(Supplied records)
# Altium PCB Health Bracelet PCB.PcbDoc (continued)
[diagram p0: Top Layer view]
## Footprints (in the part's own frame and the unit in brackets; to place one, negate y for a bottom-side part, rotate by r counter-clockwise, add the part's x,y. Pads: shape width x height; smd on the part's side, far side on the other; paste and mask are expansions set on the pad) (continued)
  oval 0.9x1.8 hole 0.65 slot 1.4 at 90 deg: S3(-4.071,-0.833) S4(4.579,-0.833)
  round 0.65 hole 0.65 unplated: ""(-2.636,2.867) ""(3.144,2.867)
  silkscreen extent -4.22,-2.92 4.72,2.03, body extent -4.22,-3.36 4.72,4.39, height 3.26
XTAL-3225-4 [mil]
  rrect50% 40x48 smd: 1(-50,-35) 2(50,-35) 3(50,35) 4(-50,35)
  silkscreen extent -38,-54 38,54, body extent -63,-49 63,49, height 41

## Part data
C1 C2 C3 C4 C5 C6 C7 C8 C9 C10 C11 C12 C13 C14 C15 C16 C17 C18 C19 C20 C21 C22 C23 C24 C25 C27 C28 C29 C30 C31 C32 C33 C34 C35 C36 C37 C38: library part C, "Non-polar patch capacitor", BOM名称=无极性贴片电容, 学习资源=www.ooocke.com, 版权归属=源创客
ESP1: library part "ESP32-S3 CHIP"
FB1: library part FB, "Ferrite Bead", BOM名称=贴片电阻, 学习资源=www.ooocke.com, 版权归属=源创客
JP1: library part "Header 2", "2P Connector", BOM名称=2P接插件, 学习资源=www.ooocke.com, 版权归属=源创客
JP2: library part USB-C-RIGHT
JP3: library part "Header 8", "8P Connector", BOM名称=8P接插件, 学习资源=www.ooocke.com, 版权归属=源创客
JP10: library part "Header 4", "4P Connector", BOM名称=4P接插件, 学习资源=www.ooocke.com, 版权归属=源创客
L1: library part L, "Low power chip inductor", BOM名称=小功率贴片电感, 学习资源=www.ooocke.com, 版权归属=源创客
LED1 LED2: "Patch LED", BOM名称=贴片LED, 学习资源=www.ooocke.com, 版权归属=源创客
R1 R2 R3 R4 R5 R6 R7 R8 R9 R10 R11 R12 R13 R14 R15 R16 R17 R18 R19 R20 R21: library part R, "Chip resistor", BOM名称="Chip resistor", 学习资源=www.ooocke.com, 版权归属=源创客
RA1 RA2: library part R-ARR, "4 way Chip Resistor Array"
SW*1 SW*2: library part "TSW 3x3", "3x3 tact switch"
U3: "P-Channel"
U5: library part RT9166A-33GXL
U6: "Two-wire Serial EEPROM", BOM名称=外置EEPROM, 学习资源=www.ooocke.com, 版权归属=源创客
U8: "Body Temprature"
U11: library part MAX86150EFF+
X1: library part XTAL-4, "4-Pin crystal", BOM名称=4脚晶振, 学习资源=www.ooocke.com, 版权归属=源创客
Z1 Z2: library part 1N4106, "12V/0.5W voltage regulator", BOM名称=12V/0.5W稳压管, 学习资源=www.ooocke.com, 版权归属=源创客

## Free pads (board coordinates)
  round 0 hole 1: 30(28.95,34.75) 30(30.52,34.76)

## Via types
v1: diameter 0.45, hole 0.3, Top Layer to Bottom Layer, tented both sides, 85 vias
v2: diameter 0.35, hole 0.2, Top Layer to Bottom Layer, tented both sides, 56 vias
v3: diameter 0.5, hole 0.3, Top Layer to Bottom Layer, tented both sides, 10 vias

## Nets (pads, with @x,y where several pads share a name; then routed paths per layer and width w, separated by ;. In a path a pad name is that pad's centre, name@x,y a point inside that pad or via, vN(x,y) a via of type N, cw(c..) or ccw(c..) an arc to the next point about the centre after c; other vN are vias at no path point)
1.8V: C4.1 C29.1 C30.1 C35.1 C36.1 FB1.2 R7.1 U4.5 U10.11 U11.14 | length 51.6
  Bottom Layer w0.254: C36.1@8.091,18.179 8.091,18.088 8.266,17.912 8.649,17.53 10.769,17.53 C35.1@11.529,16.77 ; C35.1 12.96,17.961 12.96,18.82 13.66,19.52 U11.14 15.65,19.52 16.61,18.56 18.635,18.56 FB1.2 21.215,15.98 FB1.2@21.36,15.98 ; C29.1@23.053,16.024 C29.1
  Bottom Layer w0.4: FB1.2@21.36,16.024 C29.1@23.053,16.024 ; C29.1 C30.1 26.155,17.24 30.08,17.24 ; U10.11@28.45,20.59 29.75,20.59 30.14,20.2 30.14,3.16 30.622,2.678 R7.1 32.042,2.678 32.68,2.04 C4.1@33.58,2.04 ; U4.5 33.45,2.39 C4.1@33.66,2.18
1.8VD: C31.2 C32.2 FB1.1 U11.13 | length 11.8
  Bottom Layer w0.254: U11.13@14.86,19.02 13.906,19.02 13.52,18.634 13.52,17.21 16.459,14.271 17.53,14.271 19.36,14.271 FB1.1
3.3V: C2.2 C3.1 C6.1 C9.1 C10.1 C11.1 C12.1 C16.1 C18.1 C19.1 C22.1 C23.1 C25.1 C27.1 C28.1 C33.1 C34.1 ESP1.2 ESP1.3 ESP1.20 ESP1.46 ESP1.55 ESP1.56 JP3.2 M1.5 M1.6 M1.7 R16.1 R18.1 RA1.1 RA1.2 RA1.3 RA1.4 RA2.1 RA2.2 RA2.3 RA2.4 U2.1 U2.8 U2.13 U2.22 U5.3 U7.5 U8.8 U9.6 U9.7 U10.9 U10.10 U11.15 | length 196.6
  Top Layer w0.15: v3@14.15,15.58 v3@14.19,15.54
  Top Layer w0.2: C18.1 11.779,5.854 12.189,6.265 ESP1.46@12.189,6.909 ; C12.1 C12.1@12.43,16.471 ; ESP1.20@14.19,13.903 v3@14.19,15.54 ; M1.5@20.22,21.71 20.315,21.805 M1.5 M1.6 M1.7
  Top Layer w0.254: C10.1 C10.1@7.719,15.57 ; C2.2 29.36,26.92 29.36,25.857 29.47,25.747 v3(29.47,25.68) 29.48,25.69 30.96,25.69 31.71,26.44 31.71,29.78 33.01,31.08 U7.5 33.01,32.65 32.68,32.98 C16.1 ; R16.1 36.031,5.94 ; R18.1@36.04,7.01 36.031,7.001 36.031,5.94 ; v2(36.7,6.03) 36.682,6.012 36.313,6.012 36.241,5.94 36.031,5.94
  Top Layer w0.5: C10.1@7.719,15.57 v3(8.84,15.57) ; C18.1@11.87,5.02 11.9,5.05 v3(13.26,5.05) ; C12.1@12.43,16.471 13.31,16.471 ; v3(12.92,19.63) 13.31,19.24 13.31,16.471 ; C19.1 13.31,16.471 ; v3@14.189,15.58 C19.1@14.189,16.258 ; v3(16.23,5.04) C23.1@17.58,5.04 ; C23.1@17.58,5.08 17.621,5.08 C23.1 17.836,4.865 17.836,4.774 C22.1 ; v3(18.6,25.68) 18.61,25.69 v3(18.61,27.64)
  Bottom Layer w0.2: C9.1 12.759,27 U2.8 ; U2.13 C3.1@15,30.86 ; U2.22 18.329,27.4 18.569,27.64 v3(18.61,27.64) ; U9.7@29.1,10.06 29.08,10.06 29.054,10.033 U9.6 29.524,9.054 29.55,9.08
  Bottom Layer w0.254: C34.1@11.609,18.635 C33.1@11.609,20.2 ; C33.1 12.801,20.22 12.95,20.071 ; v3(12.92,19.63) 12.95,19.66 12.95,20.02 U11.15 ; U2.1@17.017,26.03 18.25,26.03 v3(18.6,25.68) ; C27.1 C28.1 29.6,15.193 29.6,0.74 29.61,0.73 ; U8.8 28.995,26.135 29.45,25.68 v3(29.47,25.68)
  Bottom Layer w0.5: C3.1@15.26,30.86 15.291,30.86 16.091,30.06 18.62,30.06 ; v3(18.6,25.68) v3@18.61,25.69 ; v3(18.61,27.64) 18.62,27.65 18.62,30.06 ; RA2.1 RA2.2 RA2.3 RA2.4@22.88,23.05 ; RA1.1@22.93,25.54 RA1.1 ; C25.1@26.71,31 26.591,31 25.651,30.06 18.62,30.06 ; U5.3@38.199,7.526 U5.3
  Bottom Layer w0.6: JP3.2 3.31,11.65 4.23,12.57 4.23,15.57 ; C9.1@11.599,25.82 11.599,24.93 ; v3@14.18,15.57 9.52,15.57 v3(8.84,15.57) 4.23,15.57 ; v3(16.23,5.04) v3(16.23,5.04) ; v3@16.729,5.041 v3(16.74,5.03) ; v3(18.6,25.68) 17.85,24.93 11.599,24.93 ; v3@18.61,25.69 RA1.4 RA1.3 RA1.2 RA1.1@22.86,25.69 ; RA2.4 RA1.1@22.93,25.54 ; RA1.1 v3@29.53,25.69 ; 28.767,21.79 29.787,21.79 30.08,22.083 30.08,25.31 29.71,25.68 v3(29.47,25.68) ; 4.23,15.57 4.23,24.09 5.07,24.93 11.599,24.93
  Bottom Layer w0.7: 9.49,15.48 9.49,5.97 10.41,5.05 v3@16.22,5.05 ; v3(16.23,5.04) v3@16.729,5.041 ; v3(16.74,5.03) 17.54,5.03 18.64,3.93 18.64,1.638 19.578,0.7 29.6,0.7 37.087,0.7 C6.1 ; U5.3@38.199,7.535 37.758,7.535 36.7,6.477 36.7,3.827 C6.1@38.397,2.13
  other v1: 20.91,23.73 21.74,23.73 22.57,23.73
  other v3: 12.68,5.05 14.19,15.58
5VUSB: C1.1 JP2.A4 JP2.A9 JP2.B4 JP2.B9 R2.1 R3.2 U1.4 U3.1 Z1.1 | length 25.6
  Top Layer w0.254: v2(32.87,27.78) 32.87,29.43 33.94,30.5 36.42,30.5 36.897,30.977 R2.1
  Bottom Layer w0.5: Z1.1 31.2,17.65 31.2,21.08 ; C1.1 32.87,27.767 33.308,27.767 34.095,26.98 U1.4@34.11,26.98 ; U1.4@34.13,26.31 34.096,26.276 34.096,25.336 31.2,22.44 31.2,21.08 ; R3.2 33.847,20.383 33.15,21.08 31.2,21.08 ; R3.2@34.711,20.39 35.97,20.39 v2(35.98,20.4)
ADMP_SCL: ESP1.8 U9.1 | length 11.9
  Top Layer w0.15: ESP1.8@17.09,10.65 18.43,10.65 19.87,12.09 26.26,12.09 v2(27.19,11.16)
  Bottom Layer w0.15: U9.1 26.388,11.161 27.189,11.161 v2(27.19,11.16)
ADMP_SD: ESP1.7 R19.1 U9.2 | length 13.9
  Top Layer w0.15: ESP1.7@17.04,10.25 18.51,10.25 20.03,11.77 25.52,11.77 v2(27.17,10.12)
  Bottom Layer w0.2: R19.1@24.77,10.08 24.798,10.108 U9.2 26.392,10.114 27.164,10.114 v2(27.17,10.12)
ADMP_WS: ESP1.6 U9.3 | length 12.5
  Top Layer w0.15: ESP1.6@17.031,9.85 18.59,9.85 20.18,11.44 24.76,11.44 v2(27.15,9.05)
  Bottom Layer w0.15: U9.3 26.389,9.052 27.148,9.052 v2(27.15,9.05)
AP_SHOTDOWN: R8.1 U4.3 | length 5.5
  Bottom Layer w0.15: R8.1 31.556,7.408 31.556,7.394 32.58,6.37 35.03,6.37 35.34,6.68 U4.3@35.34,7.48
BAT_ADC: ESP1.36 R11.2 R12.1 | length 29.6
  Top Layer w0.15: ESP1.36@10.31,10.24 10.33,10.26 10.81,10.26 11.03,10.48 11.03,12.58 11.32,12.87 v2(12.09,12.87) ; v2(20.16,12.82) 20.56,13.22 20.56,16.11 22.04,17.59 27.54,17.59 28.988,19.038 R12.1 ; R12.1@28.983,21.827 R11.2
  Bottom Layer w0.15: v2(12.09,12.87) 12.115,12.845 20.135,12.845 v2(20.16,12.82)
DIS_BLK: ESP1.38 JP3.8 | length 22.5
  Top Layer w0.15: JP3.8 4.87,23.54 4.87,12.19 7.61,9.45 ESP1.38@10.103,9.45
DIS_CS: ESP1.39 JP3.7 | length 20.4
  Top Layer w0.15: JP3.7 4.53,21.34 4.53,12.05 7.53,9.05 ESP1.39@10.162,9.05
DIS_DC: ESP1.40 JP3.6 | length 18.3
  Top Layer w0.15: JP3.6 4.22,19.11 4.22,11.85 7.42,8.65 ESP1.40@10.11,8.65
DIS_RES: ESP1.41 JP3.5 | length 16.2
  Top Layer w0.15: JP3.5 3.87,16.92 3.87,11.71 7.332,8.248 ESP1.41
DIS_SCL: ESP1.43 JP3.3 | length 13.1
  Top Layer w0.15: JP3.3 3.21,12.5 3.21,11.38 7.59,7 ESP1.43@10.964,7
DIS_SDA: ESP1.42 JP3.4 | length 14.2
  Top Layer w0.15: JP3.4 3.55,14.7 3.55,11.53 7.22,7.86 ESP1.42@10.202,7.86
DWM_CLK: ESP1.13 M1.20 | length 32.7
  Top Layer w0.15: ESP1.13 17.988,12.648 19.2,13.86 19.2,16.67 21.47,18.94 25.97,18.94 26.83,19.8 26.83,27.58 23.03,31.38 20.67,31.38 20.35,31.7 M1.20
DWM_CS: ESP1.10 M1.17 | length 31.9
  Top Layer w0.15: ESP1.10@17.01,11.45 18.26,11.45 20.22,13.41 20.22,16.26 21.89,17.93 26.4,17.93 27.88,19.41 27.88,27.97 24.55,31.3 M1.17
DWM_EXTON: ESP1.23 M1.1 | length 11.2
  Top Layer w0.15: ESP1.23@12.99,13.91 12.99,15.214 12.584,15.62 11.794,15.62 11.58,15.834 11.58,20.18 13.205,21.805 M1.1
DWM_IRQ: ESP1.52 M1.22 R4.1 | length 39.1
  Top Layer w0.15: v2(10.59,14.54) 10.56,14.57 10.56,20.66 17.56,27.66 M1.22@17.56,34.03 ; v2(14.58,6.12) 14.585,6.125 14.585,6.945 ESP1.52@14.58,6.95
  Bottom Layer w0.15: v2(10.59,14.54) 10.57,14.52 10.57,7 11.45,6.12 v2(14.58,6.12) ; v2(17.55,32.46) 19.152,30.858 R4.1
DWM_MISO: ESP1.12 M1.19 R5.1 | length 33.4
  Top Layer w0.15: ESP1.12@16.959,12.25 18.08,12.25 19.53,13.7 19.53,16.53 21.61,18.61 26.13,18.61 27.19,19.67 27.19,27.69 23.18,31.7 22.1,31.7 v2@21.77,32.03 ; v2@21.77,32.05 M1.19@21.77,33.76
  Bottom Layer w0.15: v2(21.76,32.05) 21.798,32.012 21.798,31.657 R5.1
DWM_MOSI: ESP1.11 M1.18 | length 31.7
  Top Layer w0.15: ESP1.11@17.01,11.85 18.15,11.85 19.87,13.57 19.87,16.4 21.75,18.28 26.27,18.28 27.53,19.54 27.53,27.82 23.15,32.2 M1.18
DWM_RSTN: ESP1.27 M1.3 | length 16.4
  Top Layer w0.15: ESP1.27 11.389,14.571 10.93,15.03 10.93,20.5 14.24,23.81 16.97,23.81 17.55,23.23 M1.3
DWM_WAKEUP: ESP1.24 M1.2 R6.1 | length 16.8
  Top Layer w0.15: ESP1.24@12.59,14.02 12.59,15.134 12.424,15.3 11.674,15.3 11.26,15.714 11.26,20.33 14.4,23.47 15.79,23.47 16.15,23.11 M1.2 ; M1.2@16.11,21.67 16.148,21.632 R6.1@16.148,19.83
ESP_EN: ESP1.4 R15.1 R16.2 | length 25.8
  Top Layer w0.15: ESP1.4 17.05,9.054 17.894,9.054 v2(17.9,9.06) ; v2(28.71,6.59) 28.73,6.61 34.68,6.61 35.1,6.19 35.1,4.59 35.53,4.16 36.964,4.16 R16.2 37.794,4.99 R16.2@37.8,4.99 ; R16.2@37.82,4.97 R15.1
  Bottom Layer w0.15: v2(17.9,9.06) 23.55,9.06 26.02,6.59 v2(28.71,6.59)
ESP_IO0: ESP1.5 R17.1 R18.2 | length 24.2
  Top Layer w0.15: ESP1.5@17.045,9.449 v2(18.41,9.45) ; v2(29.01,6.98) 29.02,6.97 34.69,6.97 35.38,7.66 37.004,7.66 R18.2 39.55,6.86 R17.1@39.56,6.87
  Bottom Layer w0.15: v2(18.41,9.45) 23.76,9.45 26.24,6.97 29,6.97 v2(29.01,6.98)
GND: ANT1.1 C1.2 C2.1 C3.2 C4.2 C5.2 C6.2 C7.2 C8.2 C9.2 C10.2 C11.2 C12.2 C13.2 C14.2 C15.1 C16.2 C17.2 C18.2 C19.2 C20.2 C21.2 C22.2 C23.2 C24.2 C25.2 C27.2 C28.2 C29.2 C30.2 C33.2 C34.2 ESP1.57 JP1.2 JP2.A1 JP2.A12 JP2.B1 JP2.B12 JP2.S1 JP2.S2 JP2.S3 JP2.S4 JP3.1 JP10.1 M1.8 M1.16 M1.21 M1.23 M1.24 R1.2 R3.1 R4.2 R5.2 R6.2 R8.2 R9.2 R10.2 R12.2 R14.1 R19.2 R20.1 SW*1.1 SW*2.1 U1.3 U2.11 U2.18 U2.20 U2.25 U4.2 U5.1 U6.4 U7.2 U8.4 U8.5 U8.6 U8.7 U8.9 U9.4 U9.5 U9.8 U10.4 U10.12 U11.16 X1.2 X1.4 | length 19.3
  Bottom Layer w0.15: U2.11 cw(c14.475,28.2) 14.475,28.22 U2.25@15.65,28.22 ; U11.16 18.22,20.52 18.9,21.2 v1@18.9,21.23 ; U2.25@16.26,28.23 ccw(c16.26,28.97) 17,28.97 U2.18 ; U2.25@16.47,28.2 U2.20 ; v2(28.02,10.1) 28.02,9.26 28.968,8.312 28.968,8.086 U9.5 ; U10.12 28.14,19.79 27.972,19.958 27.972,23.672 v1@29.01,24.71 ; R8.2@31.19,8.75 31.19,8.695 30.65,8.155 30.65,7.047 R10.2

(Work request) Print only the lines that run from the start of the listing to the line bearing "JP2: library part USB-C-RIGHT"; please keep the first line and that last one, exactly as they appear.

(Worked solution)
# Altium PCB Health Bracelet PCB.PcbDoc (continued)
[diagram p0: Top Layer view]
## Footprints (in the part's own frame and the unit in brackets; to place one, negate y for a bottom-side part, rotate by r counter-clockwise, add the part's x,y. Pads: shape width x height; smd on the part's side, far side on the other; paste and mask are expansions set on the pad) (continued)
  oval 0.9x1.8 hole 0.65 slot 1.4 at 90 deg: S3(-4.071,-0.833) S4(4.579,-0.833)
  round 0.65 hole 0.65 unplated: ""(-2.636,2.867) ""(3.144,2.867)
  silkscreen extent -4.22,-2.92 4.72,2.03, body extent -4.22,-3.36 4.72,4.39, height 3.26
XTAL-3225-4 [mil]
  rrect50% 40x48 smd: 1(-50,-35) 2(50,-35) 3(50,35) 4(-50,35)
  silkscreen extent -38,-54 38,54, body extent -63,-49 63,49, height 41

## Part data
C1 C2 C3 C4 C5 C6 C7 C8 C9 C10 C11 C12 C13 C14 C15 C16 C17 C18 C19 C20 C21 C22 C23 C24 C25 C27 C28 C29 C30 C31 C32 C33 C34 C35 C36 C37 C38: library part C, "Non-polar patch capacitor", BOM名称=无极性贴片电容, 学习资源=www.ooocke.com, 版权归属=源创客
ESP1: library part "ESP32-S3 CHIP"
FB1: library part FB, "Ferrite Bead", BOM名称=贴片电阻, 学习资源=www.ooocke.com, 版权归属=源创客
JP1: library part "Header 2", "2P Connector", BOM名称=2P接插件, 学习资源=www.ooocke.com, 版权归属=源创客
JP2: library part USB-C-RIGHT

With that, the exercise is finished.